Mental calculator

In 2005, a group of researchers led by Michael W. O'Boyle, an American psychologist previously working in Australia and now at Texas Tech University, has used MRI scanning of blood flow during mental operation in computational prodigies.

The Mind Sports Organisation recognizes six grandmasters of mental calculation: Robert Fountain (1999), George Lane (2001), Gert Mittring (2005), Chris Bryant (2017), Wenzel Grüß (2019), and Kaloyan Geshev (2022), and one international master, Andy Robertshaw (2008).

In the USA Network legal drama Suits, the main character, Mike Ross, is asked to multiply considerably large numbers in his head to impress two girls, and subsequently does so.

In Haruki Murakami's novel Hard-Boiled Wonderland and the End of the World, a class of mental calculators known as Calcutecs perform cryptography in a sealed-off portion of their brains, the results of which they are unable to access from their normal waking consciousness.

In the 1990s NBC TV sitcom NewsRadio, reporter/producer Lisa Miller can mentally calculate products, quotients, and square roots effortlessly and almost instantly, on demand.

In the 1997 Sci-Fi thriller Cube, one of the prisoners, Kazan, appears to be mentally disabled, but is revealed later in the film to be an autistic savant who is able to calculate prime factors in his head.
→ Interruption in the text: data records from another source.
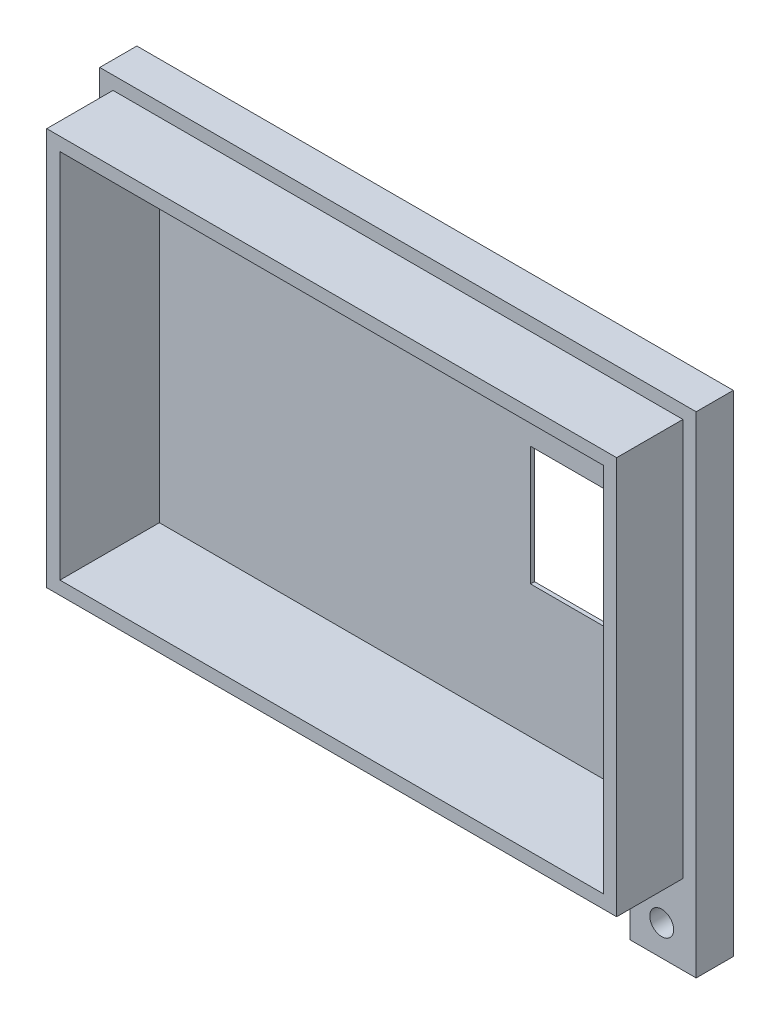
ISO-10303-21;
HEADER;
FILE_DESCRIPTION(('STEP AP214'),'2;1');
FILE_NAME('part.step','',(''),(''),'','','');
FILE_SCHEMA(('AUTOMOTIVE_DESIGN { 1 0 10303 214 1 1 1 1 }'));
ENDSEC;
DATA;
#1=APPLICATION_CONTEXT('core data for automotive mechanical design processes');
#2=APPLICATION_PROTOCOL_DEFINITION('international standard','automotive_design',2000,#1);
#3=PRODUCT_CONTEXT('',#1,'mechanical');
#4=PRODUCT('Part','Part','',(#3));
#5=PRODUCT_RELATED_PRODUCT_CATEGORY('part','',(#4));
#6=PRODUCT_DEFINITION_FORMATION('','',#4);
#7=PRODUCT_DEFINITION_CONTEXT('part definition',#1,'design');
#8=PRODUCT_DEFINITION('design','',#6,#7);
#9=PRODUCT_DEFINITION_SHAPE('','',#8);
#10=(LENGTH_UNIT() NAMED_UNIT(*) SI_UNIT(.MILLI.,.METRE.));
#11=(NAMED_UNIT(*) PLANE_ANGLE_UNIT() SI_UNIT($,.RADIAN.));
#12=(NAMED_UNIT(*) SI_UNIT($,.STERADIAN.) SOLID_ANGLE_UNIT());
#13=UNCERTAINTY_MEASURE_WITH_UNIT(LENGTH_MEASURE(1.E-05),#10,'distance_accuracy_value','');
#14=(GEOMETRIC_REPRESENTATION_CONTEXT(3) GLOBAL_UNCERTAINTY_ASSIGNED_CONTEXT((#13)) GLOBAL_UNIT_ASSIGNED_CONTEXT((#10,
#11,#12)) REPRESENTATION_CONTEXT('',''));
#15=CARTESIAN_POINT('',(0.,0.,0.));
#16=DIRECTION('',(0.,0.,1.));
#17=DIRECTION('',(1.,0.,0.));
#18=AXIS2_PLACEMENT_3D('',#15,#16,#17);
#19=CARTESIAN_POINT('',(-15.0756208599428,-20.0832626800544,7.8));
#20=DIRECTION('',(0.,1.,0.));
#21=DIRECTION('',(0.,0.,1.));
#22=AXIS2_PLACEMENT_3D('',#19,#20,#21);
#23=PLANE('',#22);
#24=DIRECTION('',(0.,0.,-1.));
#25=VECTOR('',#24,1.);
#26=CARTESIAN_POINT('',(24.9243791400572,-20.0832626800544,9.87106781186548));
#27=LINE('',#26,#25);
#28=CARTESIAN_POINT('',(24.9243791400572,-20.0832626800544,2.8));
#29=VERTEX_POINT('',#28);
#30=CARTESIAN_POINT('',(24.9243791400572,-20.0832626800544,0.));
#31=VERTEX_POINT('',#30);
#32=EDGE_CURVE('E55',#29,#31,#27,.T.);
#33=ORIENTED_EDGE('',*,*,#32,.F.);
#34=DIRECTION('',(1.,0.,0.));
#35=VECTOR('',#34,1.);
#36=CARTESIAN_POINT('',(-15.0756208599428,-20.0832626800544,2.8));
#37=LINE('',#36,#35);
#38=CARTESIAN_POINT('',(-15.0756208599428,-20.0832626800544,2.8));
#39=VERTEX_POINT('',#38);
#40=EDGE_CURVE('E171',#39,#29,#37,.T.);
#41=ORIENTED_EDGE('',*,*,#40,.F.);
#42=DIRECTION('',(0.,0.,-1.));
#43=VECTOR('',#42,1.);
#44=CARTESIAN_POINT('',(-15.0756208599428,-20.0832626800544,7.8));
#45=LINE('',#44,#43);
#46=CARTESIAN_POINT('',(-15.0756208599428,-20.0832626800544,0.));
#47=VERTEX_POINT('',#46);
#48=EDGE_CURVE('E48',#39,#47,#45,.T.);
#49=ORIENTED_EDGE('',*,*,#48,.T.);
#50=DIRECTION('',(1.,0.,0.));
#51=VECTOR('',#50,1.);
#52=CARTESIAN_POINT('',(-15.0756208599428,-20.0832626800544,0.));
#53=LINE('',#52,#51);
#54=EDGE_CURVE('E292',#47,#31,#53,.T.);
#55=ORIENTED_EDGE('',*,*,#54,.T.);
#56=EDGE_LOOP('',(#33,#41,#49,#55));
#57=FACE_BOUND('',#56,.T.);
#58=ADVANCED_FACE('F39',(#57),#23,.F.);
#59=CARTESIAN_POINT('',(0.,0.,7.8));
#60=DIRECTION('',(0.,0.,1.));
#61=DIRECTION('',(1.,0.,0.));
#62=AXIS2_PLACEMENT_3D('',#59,#60,#61);
#63=PLANE('',#62);
#64=DIRECTION('',(-1.,0.,0.));
#65=VECTOR('',#64,1.);
#66=CARTESIAN_POINT('',(27.9243791400572,9.91673731994565,7.8));
#67=LINE('',#66,#65);
#68=CARTESIAN_POINT('',(27.9243791400572,9.91673731994565,7.8));
#69=VERTEX_POINT('',#68);
#70=CARTESIAN_POINT('',(-13.0756208599428,9.91673731994565,7.8));
#71=VERTEX_POINT('',#70);
#72=EDGE_CURVE('E257',#69,#71,#67,.T.);
#73=ORIENTED_EDGE('',*,*,#72,.F.);
#74=DIRECTION('',(0.,1.,0.));
#75=VECTOR('',#74,1.);
#76=CARTESIAN_POINT('',(27.9243791400572,-18.0832626800544,7.8));
#77=LINE('',#76,#75);
#78=CARTESIAN_POINT('',(27.9243791400572,-18.0832626800544,7.8));
#79=VERTEX_POINT('',#78);
#80=EDGE_CURVE('E262',#79,#69,#77,.T.);
#81=ORIENTED_EDGE('',*,*,#80,.F.);
#82=DIRECTION('',(1.,0.,0.));
#83=VECTOR('',#82,1.);
#84=CARTESIAN_POINT('',(-13.0756208599428,-18.0832626800544,7.8));
#85=LINE('',#84,#83);
#86=CARTESIAN_POINT('',(-13.0756208599428,-18.0832626800544,7.8));
#87=VERTEX_POINT('',#86);
#88=EDGE_CURVE('E276',#87,#79,#85,.T.);
#89=ORIENTED_EDGE('',*,*,#88,.F.);
#90=DIRECTION('',(0.,-1.,0.));
#91=VECTOR('',#90,1.);
#92=CARTESIAN_POINT('',(-13.0756208599428,9.91673731994565,7.8));
#93=LINE('',#92,#91);
#94=EDGE_CURVE('E273',#71,#87,#93,.T.);
#95=ORIENTED_EDGE('',*,*,#94,.F.);
#96=EDGE_LOOP('',(#73,#81,#89,#95));
#97=FACE_BOUND('',#96,.T.);
#98=DIRECTION('',(0.,1.,0.));
#99=VECTOR('',#98,1.);
#100=CARTESIAN_POINT('',(28.9243791400572,-19.0832626800544,7.8));
#101=LINE('',#100,#99);
#102=CARTESIAN_POINT('',(28.9243791400572,-19.0832626800544,7.8));
#103=VERTEX_POINT('',#102);
#104=CARTESIAN_POINT('',(28.9243791400572,10.9167373199456,7.8));
#105=VERTEX_POINT('',#104);
#106=EDGE_CURVE('E224',#103,#105,#101,.T.);
#107=ORIENTED_EDGE('',*,*,#106,.T.);
#108=DIRECTION('',(-1.,0.,0.));
#109=VECTOR('',#108,1.);
#110=CARTESIAN_POINT('',(28.9243791400572,10.9167373199456,7.8));
#111=LINE('',#110,#109);
#112=CARTESIAN_POINT('',(-14.0756208599428,10.9167373199456,7.8));
#113=VERTEX_POINT('',#112);
#114=EDGE_CURVE('E219',#105,#113,#111,.T.);
#115=ORIENTED_EDGE('',*,*,#114,.T.);
#116=DIRECTION('',(0.,-1.,0.));
#117=VECTOR('',#116,1.);
#118=CARTESIAN_POINT('',(-14.0756208599428,10.9167373199456,7.8));
#119=LINE('',#118,#117);
#120=CARTESIAN_POINT('',(-14.0756208599428,-19.0832626800544,7.8));
#121=VERTEX_POINT('',#120);
#122=EDGE_CURVE('E236',#113,#121,#119,.T.);
#123=ORIENTED_EDGE('',*,*,#122,.T.);
#124=DIRECTION('',(1.,0.,0.));
#125=VECTOR('',#124,1.);
#126=CARTESIAN_POINT('',(-14.0756208599428,-19.0832626800544,7.8));
#127=LINE('',#126,#125);
#128=EDGE_CURVE('E239',#121,#103,#127,.T.);
#129=ORIENTED_EDGE('',*,*,#128,.T.);
#130=EDGE_LOOP('',(#107,#115,#123,#129));
#131=FACE_BOUND('',#130,.T.);
#132=ADVANCED_FACE('F374',(#97,#131),#63,.T.);
#133=CARTESIAN_POINT('',(27.9243791400572,9.91673731994565,0.3));
#134=DIRECTION('',(0.,1.,0.));
#135=DIRECTION('',(0.,0.,1.));
#136=AXIS2_PLACEMENT_3D('',#133,#134,#135);
#137=PLANE('',#136);
#138=ORIENTED_EDGE('',*,*,#72,.T.);
#139=DIRECTION('',(0.,0.,1.));
#140=VECTOR('',#139,1.);
#141=CARTESIAN_POINT('',(-13.0756208599428,9.91673731994565,0.3));
#142=LINE('',#141,#140);
#143=CARTESIAN_POINT('',(-13.0756208599428,9.91673731994565,0.3));
#144=VERTEX_POINT('',#143);
#145=EDGE_CURVE('E271',#144,#71,#142,.T.);
#146=ORIENTED_EDGE('',*,*,#145,.F.);
#147=DIRECTION('',(-1.,0.,0.));
#148=VECTOR('',#147,1.);
#149=CARTESIAN_POINT('',(27.9243791400572,9.91673731994565,0.3));
#150=LINE('',#149,#148);
#151=CARTESIAN_POINT('',(27.9243791400572,9.91673731994565,0.3));
#152=VERTEX_POINT('',#151);
#153=EDGE_CURVE('E258',#152,#144,#150,.T.);
#154=ORIENTED_EDGE('',*,*,#153,.F.);
#155=DIRECTION('',(0.,0.,1.));
#156=VECTOR('',#155,1.);
#157=CARTESIAN_POINT('',(27.9243791400572,9.91673731994565,0.3));
#158=LINE('',#157,#156);
#159=EDGE_CURVE('E281',#152,#69,#158,.T.);
#160=ORIENTED_EDGE('',*,*,#159,.T.);
#161=EDGE_LOOP('',(#138,#146,#154,#160));
#162=FACE_BOUND('',#161,.T.);
#163=ADVANCED_FACE('F379',(#162),#137,.F.);
#164=CARTESIAN_POINT('',(27.9243791400572,-18.0832626800544,0.3));
#165=DIRECTION('',(1.,0.,0.));
#166=DIRECTION('',(0.,1.,0.));
#167=AXIS2_PLACEMENT_3D('',#164,#165,#166);
#168=PLANE('',#167);
#169=ORIENTED_EDGE('',*,*,#80,.T.);
#170=ORIENTED_EDGE('',*,*,#159,.F.);
#171=DIRECTION('',(0.,1.,0.));
#172=VECTOR('',#171,1.);
#173=CARTESIAN_POINT('',(27.9243791400572,-18.0832626800544,0.3));
#174=LINE('',#173,#172);
#175=CARTESIAN_POINT('',(27.9243791400572,-18.0832626800544,0.3));
#176=VERTEX_POINT('',#175);
#177=EDGE_CURVE('E268',#176,#152,#174,.T.);
#178=ORIENTED_EDGE('',*,*,#177,.F.);
#179=DIRECTION('',(0.,0.,1.));
#180=VECTOR('',#179,1.);
#181=CARTESIAN_POINT('',(27.9243791400572,-18.0832626800544,0.3));
#182=LINE('',#181,#180);
#183=EDGE_CURVE('E284',#176,#79,#182,.T.);
#184=ORIENTED_EDGE('',*,*,#183,.T.);
#185=EDGE_LOOP('',(#169,#170,#178,#184));
#186=FACE_BOUND('',#185,.T.);
#187=ADVANCED_FACE('F388',(#186),#168,.F.);
#188=CARTESIAN_POINT('',(-13.0756208599428,-18.0832626800544,0.3));
#189=DIRECTION('',(0.,-1.,0.));
#190=DIRECTION('',(0.,0.,-1.));
#191=AXIS2_PLACEMENT_3D('',#188,#189,#190);
#192=PLANE('',#191);
#193=ORIENTED_EDGE('',*,*,#88,.T.);
#194=ORIENTED_EDGE('',*,*,#183,.F.);
#195=DIRECTION('',(1.,0.,0.));
#196=VECTOR('',#195,1.);
#197=CARTESIAN_POINT('',(-13.0756208599428,-18.0832626800544,0.3));
#198=LINE('',#197,#196);
#199=CARTESIAN_POINT('',(-13.0756208599428,-18.0832626800544,0.3));
#200=VERTEX_POINT('',#199);
#201=EDGE_CURVE('E265',#200,#176,#198,.T.);
#202=ORIENTED_EDGE('',*,*,#201,.F.);
#203=DIRECTION('',(0.,0.,1.));
#204=VECTOR('',#203,1.);
#205=CARTESIAN_POINT('',(-13.0756208599428,-18.0832626800544,0.3));
#206=LINE('',#205,#204);
#207=EDGE_CURVE('E286',#200,#87,#206,.T.);
#208=ORIENTED_EDGE('',*,*,#207,.T.);
#209=EDGE_LOOP('',(#193,#194,#202,#208));
#210=FACE_BOUND('',#209,.T.);
#211=ADVANCED_FACE('F393',(#210),#192,.F.);
#212=CARTESIAN_POINT('',(-13.0756208599428,9.91673731994565,0.3));
#213=DIRECTION('',(-1.,0.,0.));
#214=DIRECTION('',(0.,-1.,0.));
#215=AXIS2_PLACEMENT_3D('',#212,#213,#214);
#216=PLANE('',#215);
#217=ORIENTED_EDGE('',*,*,#94,.T.);
#218=ORIENTED_EDGE('',*,*,#207,.F.);
#219=DIRECTION('',(0.,-1.,0.));
#220=VECTOR('',#219,1.);
#221=CARTESIAN_POINT('',(-13.0756208599428,9.91673731994565,0.3));
#222=LINE('',#221,#220);
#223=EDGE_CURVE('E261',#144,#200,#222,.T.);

In 1998 Darren Aronofsky's film Pi, Maximillian Cohen is asked a few times by a young child with a calculator to do large multiplications and divisions in his head, which he promptly does, correctly.

In the 2007 sitcom The Big Bang Theory, the main character, Sheldon Cooper, calculates numbers and solutions in his head for his theoretical physics research.

In the 2008 show Breaking Bad, the main character, Walter White, is shown to calculate most of the numbers to his deals, such as profit and production costs, purely within his head.

Leonhard Euler was a prominent mental calculator.